The recession in industry has surprisingly lingered too long; it now enters the fourth year. Not surprisingly, this has given rise to dismay. A half- full glass is also half-empty and the prevailing mood accents the latter. The survey of the Associations Council of the Confederation of Indian Industry does point to a few bright spots but these do not mitigate the overall impression that 1998-99 was a bad year (a fact underscored by the official industrial production index). But the bright spots demand attention. Consumer durables like colour television, refrigerators and washing machines recorded growth in double digits for the second year in succession while air-conditioners improved upon the performance of 1997-98. The auto ancillary industry soared even though the automobile industry as such did not do well. Obviously, the existing stock of cars has fuelled the demand for replacement of parts. Note that despite the apparent stagnation in new cars, Indica of Tatas snatched away firm bookings of 60,000; thismay have hurt rival car manufacturers, but the fact is that the demand for new cars is not as sluggish as is made out. The demand for consumer durables has been rising smartly. Thus, capacity utilisation is improving. The over-investment that took place before 1995-96 is levelling down. The slash in the top personal income tax-rate (Chidambaram) and clearance of pay commission dues are making an impact on consumer demand.

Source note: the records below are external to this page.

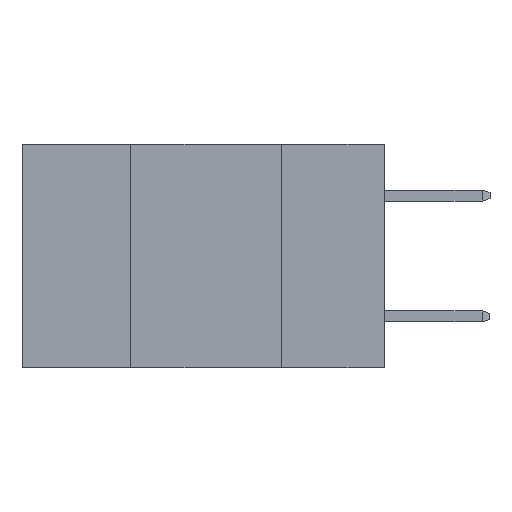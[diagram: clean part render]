
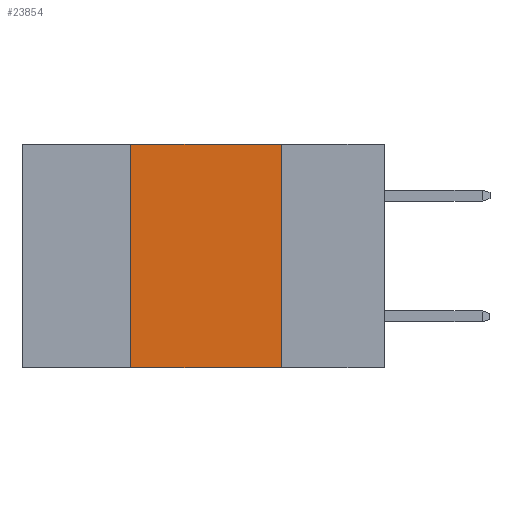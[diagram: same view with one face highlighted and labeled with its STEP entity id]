
A CAD part, left-side view. The second image highlights one B-rep face of the part: STEP entity #23854.
In plain terms, the highlighted planar face has unit normal (-1, 0, 0).
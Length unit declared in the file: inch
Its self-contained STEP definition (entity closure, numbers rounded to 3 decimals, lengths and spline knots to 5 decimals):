
#1426 = AXIS2_PLACEMENT_3D ( 'NONE', #3676, #22926, #11557 ) ;
#3478 = ORIENTED_EDGE ( 'NONE', *, *, #15090, .F. ) ;
#3676 = CARTESIAN_POINT ( 'NONE',  ( 0., 0.6, 0. ) ) ;
#3815 = DIRECTION ( 'NONE',  ( 0., 0., 1. ) ) ;
#3832 = LINE ( 'NONE', #7844, #13610 ) ;
#4682 = VERTEX_POINT ( 'NONE', #17868 ) ;
#4720 = VERTEX_POINT ( 'NONE', #16121 ) ;
#5701 = VERTEX_POINT ( 'NONE', #13211 ) ;
#6736 = VECTOR ( 'NONE', #3815, 39.37008 ) ;
#7844 = CARTESIAN_POINT ( 'NONE',  ( 0., 0.6, -0.37 ) ) ;
#8350 = CARTESIAN_POINT ( 'NONE',  ( 0., 0.17, 0. ) ) ;
#8696 = EDGE_LOOP ( 'NONE', ( #3478, #14446, #9935, #15042 ) ) ;
#8722 = CARTESIAN_POINT ( 'NONE',  ( 0., 0.6, 0. ) ) ;
#9371 = VECTOR ( 'NONE', #10516, 39.37008 ) ;
#9935 = ORIENTED_EDGE ( 'NONE', *, *, #16327, .F. ) ;
#10516 = DIRECTION ( 'NONE',  ( 0., -1., 0. ) ) ;
#11557 = DIRECTION ( 'NONE',  ( 0., 0., -1. ) ) ;
#12498 = LINE ( 'NONE', #22907, #6736 ) ;
#12610 = CARTESIAN_POINT ( 'NONE',  ( 0., 0.17, 0. ) ) ;
#13194 = EDGE_CURVE ( 'NONE', #4682, #13758, #19526, .T. ) ;
#13211 = CARTESIAN_POINT ( 'NONE',  ( 0., 0.42, -0.37 ) ) ;
#13610 = VECTOR ( 'NONE', #23116, 39.37008 ) ;
#13758 = VERTEX_POINT ( 'NONE', #8350 ) ;
#14446 = ORIENTED_EDGE ( 'NONE', *, *, #13194, .F. ) ;
#15042 = ORIENTED_EDGE ( 'NONE', *, *, #18908, .T. ) ;
#15090 = EDGE_CURVE ( 'NONE', #13758, #4720, #20318, .T. ) ;
#15277 = VECTOR ( 'NONE', #23948, 39.37008 ) ;
#16121 = CARTESIAN_POINT ( 'NONE',  ( 0., 0.17, -0.37 ) ) ;
#16327 = EDGE_CURVE ( 'NONE', #5701, #4682, #12498, .T. ) ;
#17868 = CARTESIAN_POINT ( 'NONE',  ( 0., 0.42, 0. ) ) ;
#18908 = EDGE_CURVE ( 'NONE', #5701, #4720, #3832, .T. ) ;
#19146 = PLANE ( 'NONE',  #1426 ) ;
#19526 = LINE ( 'NONE', #8722, #9371 ) ;
#20318 = LINE ( 'NONE', #12610, #15277 ) ;
#20876 = FACE_OUTER_BOUND ( 'NONE', #8696, .T. ) ;
#22907 = CARTESIAN_POINT ( 'NONE',  ( 0., 0.42, 0. ) ) ;
#22926 = DIRECTION ( 'NONE',  ( 1., 0., 0. ) ) ;
#23116 = DIRECTION ( 'NONE',  ( 0., -1., 0. ) ) ;
#23854 = ADVANCED_FACE ( 'NONE', ( #20876 ), #19146, .F. ) ;
#23948 = DIRECTION ( 'NONE',  ( 0., 0., -1. ) ) ;

Besides durable consumer goods, certain other industries registered high growth last year: process control instruments, materials handling equipment in conveyers, lifts, rubber chemicals etc. Personal computers are another growth industry like software. This reflects a shift in the pattern of industrial growth. Radio receivers and typewriters, perhaps also sewing machines, are sunset industries. But the shift has not been strong enough to lift industrial growth overall. The problem areas are still the basic industries (steel, fertilisers, aluminium, cement) and capital goods (dieselengines, electrical machinery, textile machinery, boilers, machine tools and so forth) which continue to suffer from lack of investment demand. The question is, why has investment demand flagged? Is it that with industrial licensing gone, investors (capitalists) do not know which way to turn, ferret out the growth areas, and identify the new technologies?

The question needs to be addressed by CII and other industry associations. As of now, industry seems to be waiting for infrastructure investment to rise; but this is contingent mainly on mega foreign investment which seems to be slow in coming in. Sure enough, a rise in infrastructure investment will create demand in many sectors (steel, cement, power equipment). But beyond this, entrepreneurs also need to get a hang of the changing pattern of industrialisation and where new investment will be export competitive.